Senate Minority Leader Harry Reid of Nevada said, "I support President Bush for submitting this $10.5 billion request, and I thank my colleagues for permitting us to take up and pass this important legislation tonight. Our unified response sends a powerful signal to victims of this tragedy looking for signs that their government sees their plight and stands with them during this dark time."

"In these days ahead," said Reid, "it is important we continue to send this strong, unified message. We must work together not as Democrats and Republicans, but as Americans united in helping families torn apart by this devastating storm."

White House spokesman Josh Bolten said the $10.5 billion in emergency funding that the House is likely to approve today will go into FEMA's general emergency account to be distributed as needed.

"I do anticipate that the Corps will be among those who will be drawing on it," Bolton said, "but there are a lot of different agencies are going to draw on the money to purchase housing, to get electricity back up and running, all sorts of response activities, generators. We're going to be needing to make payments to individuals."

Astrodome

Storm refugees may be housed in the Houston Astrodome for months. (Photo courtesy FEMA)
Governor Perry’s office has discussed with Harris County Judge Robert Eckels the idea of turning the Astrodome into a long-term shelter to meet the housing, food and medical needs of storm refugees stranded in Texas. The Astrodome’s schedule has already been cleared until December.

Perry Thursday issued an emergency disaster declaration for the state of Texas and sent a letter to President Bush requested for federal emergency assistance as a result of Hurricane Katrina. The President issued disaster declarations for Louisiana, Mississippi and Alabama earlier this week.

Perry said the crisis will be especially hard on children who have been suddenly uprooted from their daily routine, including school. Under federal law these children are considered homeless and are entitled to enroll in the school district where they temporarily reside.

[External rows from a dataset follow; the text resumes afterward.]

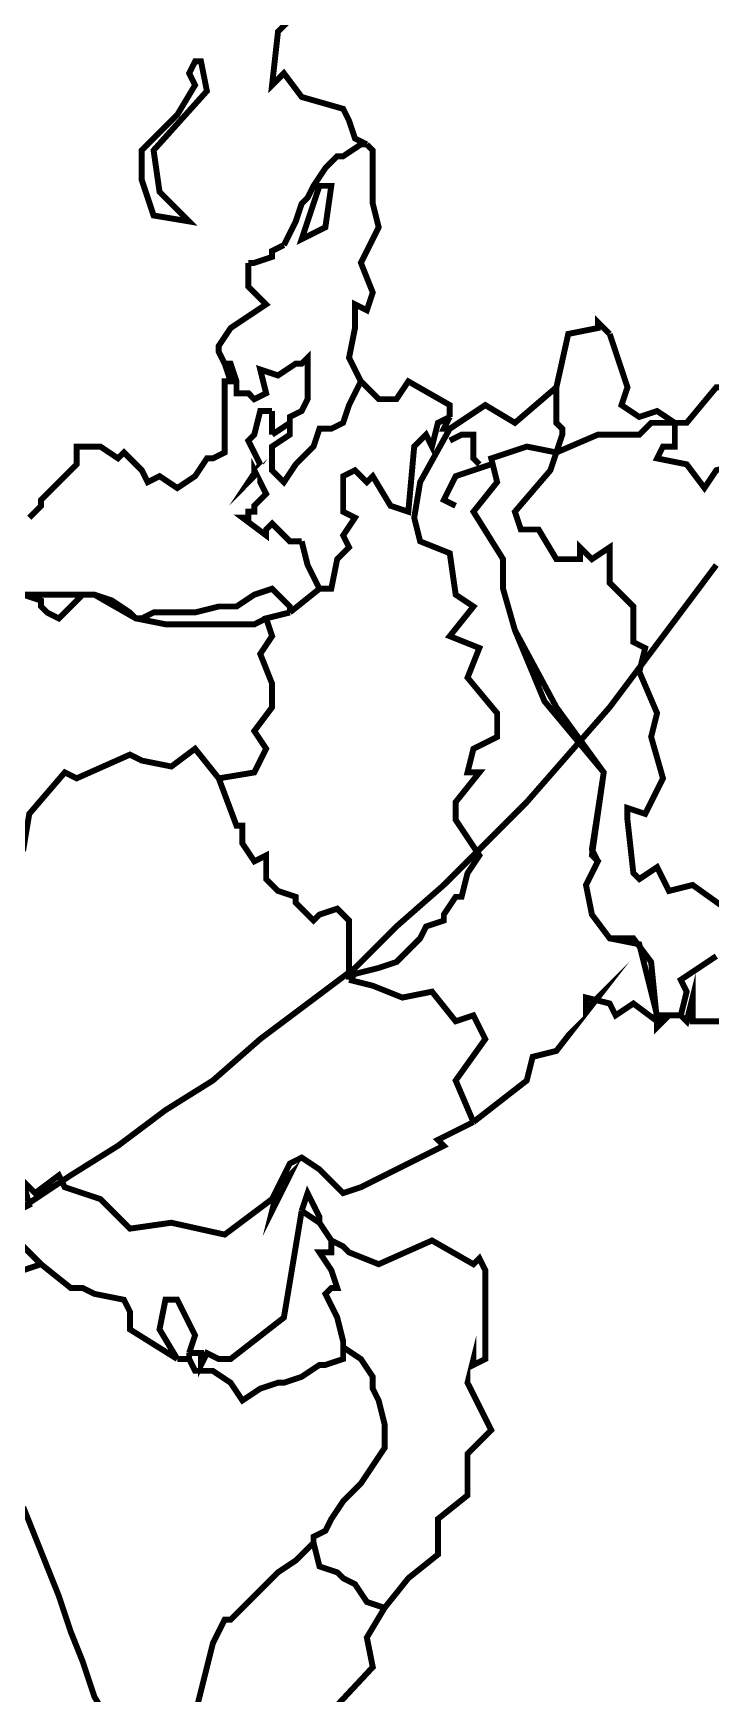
# Model space of a CAD drawing. Extents: x 475 to 2724, y -1 to 2248.
# Drawn here: x 1854.7 to 1969.1, y 1047.5 to 1327.8 of the extents above; entities that cross this region are included whole.
import ezdxf

# ---------------------------------------------------------------- set-up
doc = ezdxf.new("R2010")
doc.units = 0
doc.layers.get('0').update_dxf_attribs({"color": 8, "linetype": 'CONTINUOUS'})

msp = doc.modelspace()

# ---------------------------------------------------------------- linework, layer by layer
at = {"color": 1, "const_width": 1}
for points in [[(1911, 1309), (1909, 1310), (1908, 1313), (1907, 1315), (1900, 1317), (1897, 1321), (1895, 1319), (1896, 1328), (1899, 1331), (1896, 1331), (1887, 1340), (1892, 1346), (1891, 1351), (1886, 1353), (1884, 1356), (1884, 1360), (1881, 1363), (1881, 1364)], [(1897, 1292), (1899, 1296), (1900, 1299), (1901, 1300), (1902, 1302), (1904, 1305), (1906, 1307), (1906, 1307), (1907, 1307), (1910, 1309), (1910, 1309), (1911, 1309)], [(1910, 1269), (1908, 1273), (1909, 1278), (1909, 1282), (1911, 1281), (1912, 1284), (1910, 1289), (1913, 1295), (1912, 1299), (1912, 1308), (1911, 1309)], [(1891, 1289), (1892, 1289), (1895, 1290), (1895, 1291), (1897, 1292)], [(1887, 1272), (1886, 1274), (1886, 1275), (1888, 1278), (1891, 1280), (1891, 1280), (1894, 1282), (1891, 1285), (1891, 1289)], [(1943, 1268), (1945, 1277), (1950, 1278), (1950, 1279), (1952, 1277)], [(1952, 1277), (1954, 1271), (1955, 1268), (1954, 1265), (1957, 1263), (1960, 1264), (1963, 1262), (1963, 1258), (1961, 1258), (1960, 1256), (1965, 1255), (1968, 1251), (1970, 1254), (1981, 1257)], [(1854, 1246), (1856, 1248), (1856, 1249), (1859, 1252), (1861, 1254), (1862, 1255), (1862, 1257), (1862, 1258), (1866, 1258), (1869, 1256), (1870, 1257), (1873, 1254), (1874, 1252), (1876, 1253), (1879, 1251), (1879, 1251), (1882, 1253), (1884, 1256), (1885, 1256), (1887, 1257), (1887, 1261), (1887, 1265), (1887, 1265), (1887, 1269), (1888, 1269), (1887, 1272)], [(1887, 1272), (1888, 1272), (1889, 1269), (1889, 1267), (1891, 1267), (1892, 1266), (1894, 1267), (1893, 1271), (1893, 1271), (1896, 1270), (1899, 1272), (1900, 1272), (1901, 1273), (1901, 1273), (1901, 1269), (1901, 1266), (1900, 1264), (1900, 1264), (1898, 1263), (1898, 1263), (1898, 1262)], [(1925, 1263), (1925, 1265), (1918, 1269), (1916, 1266), (1913, 1266), (1910, 1269)], [(1898, 1262), (1898, 1260), (1895, 1258), (1895, 1254), (1895, 1254), (1896, 1253), (1897, 1252), (1899, 1255), (1901, 1257), (1902, 1258), (1903, 1261), (1905, 1261), (1907, 1262), (1908, 1265), (1908, 1265), (1908, 1265), (1910, 1269), (1910, 1269)], [(1925, 1261), (1931, 1265), (1936, 1262), (1943, 1268)], [(1943, 1268), (1943, 1263), (1943, 1262), (1944, 1261), (1944, 1260), (1943, 1257), (1942, 1254), (1936, 1247), (1937, 1244), (1939, 1244), (1940, 1244), (1943, 1239), (1947, 1239), (1947, 1241), (1949, 1239), (1952, 1241), (1952, 1235), (1956, 1231), (1956, 1225), (1958, 1224), (1957, 1220), (1960, 1213), (1959, 1209), (1961, 1202), (1958, 1196), (1955, 1197), (1955, 1195), (1956, 1186), (1957, 1185), (1960, 1187), (1962, 1183), (1966, 1184), (1973, 1179)], [(1895, 1264), (1894, 1264), (1893, 1264), (1892, 1260), (1891, 1259), (1893, 1255), (1891, 1252), (1892, 1253), (1892, 1254), (1894, 1250), (1894, 1250), (1892, 1248), (1892, 1247), (1891, 1247), (1891, 1246), (1890, 1246), (1894, 1243), (1894, 1244), (1895, 1245), (1898, 1242), (1898, 1242), (1899, 1242), (1899, 1242), (1900, 1242)], [(1895, 1260), (1895, 1261), (1895, 1264)], [(1898, 1262), (1898, 1262), (1895, 1260)], [(1899, 1261), (1899, 1261), (1899, 1261)], [(1903, 1234), (1905, 1234), (1906, 1239), (1908, 1241), (1907, 1243), (1909, 1246), (1907, 1247), (1907, 1253), (1909, 1254), (1911, 1252), (1912, 1253), (1915, 1248), (1918, 1247), (1919, 1258), (1921, 1260), (1922, 1258), (1923, 1262), (1925, 1263)], [(1925, 1261), (1920, 1252), (1919, 1246), (1920, 1242), (1925, 1240), (1926, 1233), (1929, 1231), (1925, 1226), (1930, 1224), (1928, 1219), (1933, 1213), (1933, 1209), (1929, 1207), (1928, 1203), (1930, 1203), (1926, 1198), (1926, 1195), (1930, 1189), (1928, 1186), (1927, 1182), (1926, 1182), (1924, 1179), (1924, 1178), (1921, 1177), (1920, 1175), (1919, 1174), (1917, 1172), (1916, 1171), (1913, 1170), (1913, 1170), (1909, 1169), (1908, 1168)], [(1925, 1263), (1924, 1261), (1925, 1261)], [(1899, 1259), (1899, 1259), (1899, 1259)], [(1900, 1242), (1900, 1242), (1901, 1238), (1903, 1234), (1903, 1234)], [(1853, 1233), (1856, 1232), (1856, 1231), (1857, 1230), (1859, 1229), (1861, 1231), (1863, 1233), (1865, 1233), (1868, 1232), (1871, 1230), (1872, 1229), (1873, 1229), (1875, 1230), (1878, 1230), (1881, 1230), (1882, 1230), (1886, 1231), (1889, 1231), (1892, 1233), (1895, 1234), (1895, 1234), (1895, 1234), (1898, 1231), (1898, 1231), (1898, 1230)], [(1898, 1230), (1903, 1234)], [(1886, 1202), (1892, 1203), (1894, 1207), (1892, 1210), (1895, 1214), (1895, 1218), (1893, 1223), (1895, 1226), (1894, 1229), (1898, 1230)], [(1851, 1187), (1853, 1190), (1854, 1196), (1860, 1203), (1862, 1202), (1871, 1206), (1873, 1205), (1878, 1204), (1882, 1207), (1886, 1202)], [(1886, 1202), (1889, 1194), (1890, 1194), (1890, 1191), (1892, 1188), (1894, 1189), (1894, 1185), (1896, 1183), (1899, 1182), (1899, 1181), (1902, 1178), (1903, 1179), (1906, 1180), (1908, 1178), (1908, 1177), (1908, 1173), (1908, 1168)], [(1970, 1172), (1964, 1168), (1965, 1166), (1964, 1162)], [(1908, 1168), (1912, 1167), (1917, 1165), (1922, 1166), (1926, 1161), (1929, 1162), (1931, 1158), (1926, 1151), (1929, 1144)], [(1900, 1129), (1903, 1127)], [(1905, 1124), (1905, 1122), (1904, 1122), (1903, 1122), (1903, 1122), (1905, 1119), (1906, 1116), (1905, 1116), (1904, 1115), (1905, 1113), (1906, 1111), (1907, 1107), (1907, 1106)], [(1856, 1120), (1853, 1119), (1852, 1118), (1850, 1120), (1845, 1118)], [(1879, 1104), (1881, 1104)], [(1881, 1104), (1882, 1102), (1885, 1102), (1888, 1100), (1890, 1097), (1893, 1099), (1896, 1100), (1897, 1100), (1900, 1101), (1903, 1103), (1904, 1103), (1907, 1104), (1907, 1106)], [(1881, 1104), (1881, 1105)], [(1907, 1106), (1910, 1104), (1912, 1101), (1912, 1099), (1913, 1097), (1914, 1093), (1914, 1090), (1914, 1089), (1912, 1086), (1910, 1083), (1909, 1082), (1907, 1080), (1905, 1077), (1904, 1075), (1902, 1074), (1902, 1073)], [(1902, 1073), (1899, 1070), (1896, 1068), (1895, 1067), (1893, 1065), (1890, 1062), (1888, 1060), (1887, 1060), (1885, 1056), (1884, 1052), (1883, 1048), (1882, 1044)], [(1902, 1073), (1903, 1069), (1906, 1068), (1907, 1067), (1909, 1066), (1911, 1063), (1914, 1062)]]:
    msp.add_lwpolyline(points, dxfattribs=at)
at = {"color": 5, "const_width": 1}
for points in [[(1873, 1303), (1873, 1308), (1879, 1314), (1882, 1319), (1881, 1321), (1882, 1323), (1883, 1323), (1884, 1318), (1875, 1308), (1876, 1301), (1881, 1296), (1875, 1297), (1873, 1303)], [(1903, 1302), (1904, 1302), (1905, 1302), (1904, 1295), (1900, 1293), (1903, 1302)], [(1976, 1267), (1974, 1265), (1972, 1268), (1970, 1268), (1965, 1262), (1963, 1262)], [(1963, 1262), (1959, 1262), (1957, 1260), (1950, 1260), (1943, 1257)], [(1921, 1260), (1919, 1258), (1918, 1247), (1915, 1248), (1912, 1253), (1911, 1252), (1909, 1254), (1907, 1253), (1907, 1247), (1909, 1246), (1907, 1243), (1908, 1241), (1906, 1239), (1905, 1234), (1903, 1234)], [(1925, 1259), (1927, 1260), (1929, 1260), (1929, 1256), (1930, 1255)], [(1943, 1257), (1938, 1258), (1932, 1256), (1933, 1252), (1929, 1247), (1934, 1239), (1934, 1234), (1936, 1227), (1943, 1214), (1951, 1203), (1949, 1189), (1950, 1188), (1948, 1184), (1949, 1179), (1952, 1175), (1957, 1174), (1960, 1162), (1962, 1162), (1962, 1162), (1962, 1162), (1961, 1161), (1961, 1161), (1960, 1161), (1960, 1161), (1959, 1171), (1956, 1175), (1952, 1175), (1949, 1179), (1948, 1184), (1950, 1188), (1949, 1190), (1951, 1203), (1941, 1215), (1936, 1227)], [(1926, 1248), (1924, 1249), (1926, 1253), (1932, 1255)], [(1863, 1233), (1849, 1233), (1844, 1239)], [(1872, 1229), (1865, 1233), (1863, 1233)], [(1903, 1234), (1898, 1230)], [(1898, 1230), (1894, 1229)], [(1894, 1229), (1892, 1228), (1877, 1228), (1872, 1229)]]:
    msp.add_lwpolyline(points, dxfattribs=at)
at = {"color": 7, "const_width": 1}
for points in [[(1852, 1129), (1861, 1135), (1869, 1140), (1877, 1146), (1885, 1151), (1893, 1158), (1901, 1164), (1909, 1170), (1916, 1177), (1924, 1184), (1931, 1191), (1938, 1198), (1945, 1206), (1952, 1214), (1958, 1222), (1964, 1230), (1970, 1238)], [(1868, 1042), (1865, 1047), (1863, 1053), (1861, 1058), (1859, 1064), (1857, 1069), (1855, 1074), (1853, 1079)]]:
    msp.add_lwpolyline(points, dxfattribs=at)
at = {"color": 94, "const_width": 1}
for points in [[(1929, 1144), (1938, 1151), (1939, 1155), (1943, 1156), (1950, 1165), (1948, 1163), (1948, 1165), (1952, 1164), (1953, 1162), (1956, 1164), (1960, 1161), (1960, 1161), (1960, 1160), (1961, 1161), (1961, 1161), (1962, 1162), (1962, 1162), (1962, 1162), (1964, 1162), (1964, 1162)], [(1964, 1162), (1965, 1161), (1966, 1165), (1966, 1161), (1972, 1161)], [(1852, 1129), (1854, 1130), (1853, 1134), (1854, 1133), (1855, 1132), (1859, 1135), (1860, 1133), (1866, 1131), (1871, 1126), (1878, 1127), (1887, 1125), (1895, 1131), (1898, 1137), (1900, 1138), (1903, 1136), (1907, 1132), (1910, 1133), (1924, 1140), (1923, 1141), (1929, 1144)], [(1898, 1135), (1895, 1129), (1896, 1133), (1898, 1135)], [(1903, 1127), (1903, 1128), (1901, 1132), (1900, 1129)], [(1900, 1129), (1897, 1111), (1888, 1104), (1886, 1104), (1884, 1105), (1883, 1103), (1883, 1105), (1881, 1105)], [(1856, 1120), (1852, 1124), (1850, 1123), (1852, 1125), (1849, 1128)], [(1905, 1124), (1903, 1127)], [(1914, 1062), (1918, 1067), (1923, 1071), (1923, 1077), (1928, 1081), (1928, 1088), (1932, 1092), (1928, 1100), (1929, 1104), (1929, 1103), (1931, 1104), (1931, 1119), (1930, 1121), (1929, 1120), (1922, 1124), (1913, 1120), (1908, 1122), (1907, 1123), (1905, 1124)], [(1879, 1104), (1871, 1109), (1871, 1112), (1870, 1114), (1865, 1115), (1863, 1116), (1861, 1116), (1856, 1120)], [(1881, 1105), (1882, 1108), (1879, 1114), (1877, 1114), (1876, 1109), (1879, 1104)], [(1873, 1112), (1873, 1112)], [(1932, 1107), (1932, 1107)], [(1869, 1009), (1878, 1013), (1880, 1018), (1886, 1022), (1896, 1032), (1898, 1037), (1912, 1052), (1911, 1057), (1914, 1062)]]:
    msp.add_lwpolyline(points, dxfattribs=at)

doc.saveas('drawing.dxf')

“I want stranded families to know the doors of Texas’ public schools are immediately open to your school-aged children,” Perry said. “I also want school leaders to know that we realize this will put a strain on their capacity, so I have asked the Texas Education Agency to work them to make sure they have the textbooks they need, funding for transportation and the free-and-reduced lunch program and class size waivers as needed.”

Perry also said that the State of Florida has made an urgent request for a two week supply of gasoline because of a pipeline disruption caused by Katrina.

“To meet this need, I have asked the Texas Commission on Environmental Quality to exercise enforcement discretion to allow for the loading of fuel from a refinery site in Port Arthur on marine vessels that will transport this fuel to Florida,” Perry said. “We are coordinating with the Environmental Protection Agency concerning any regulatory waivers needed to meet this urgent need.”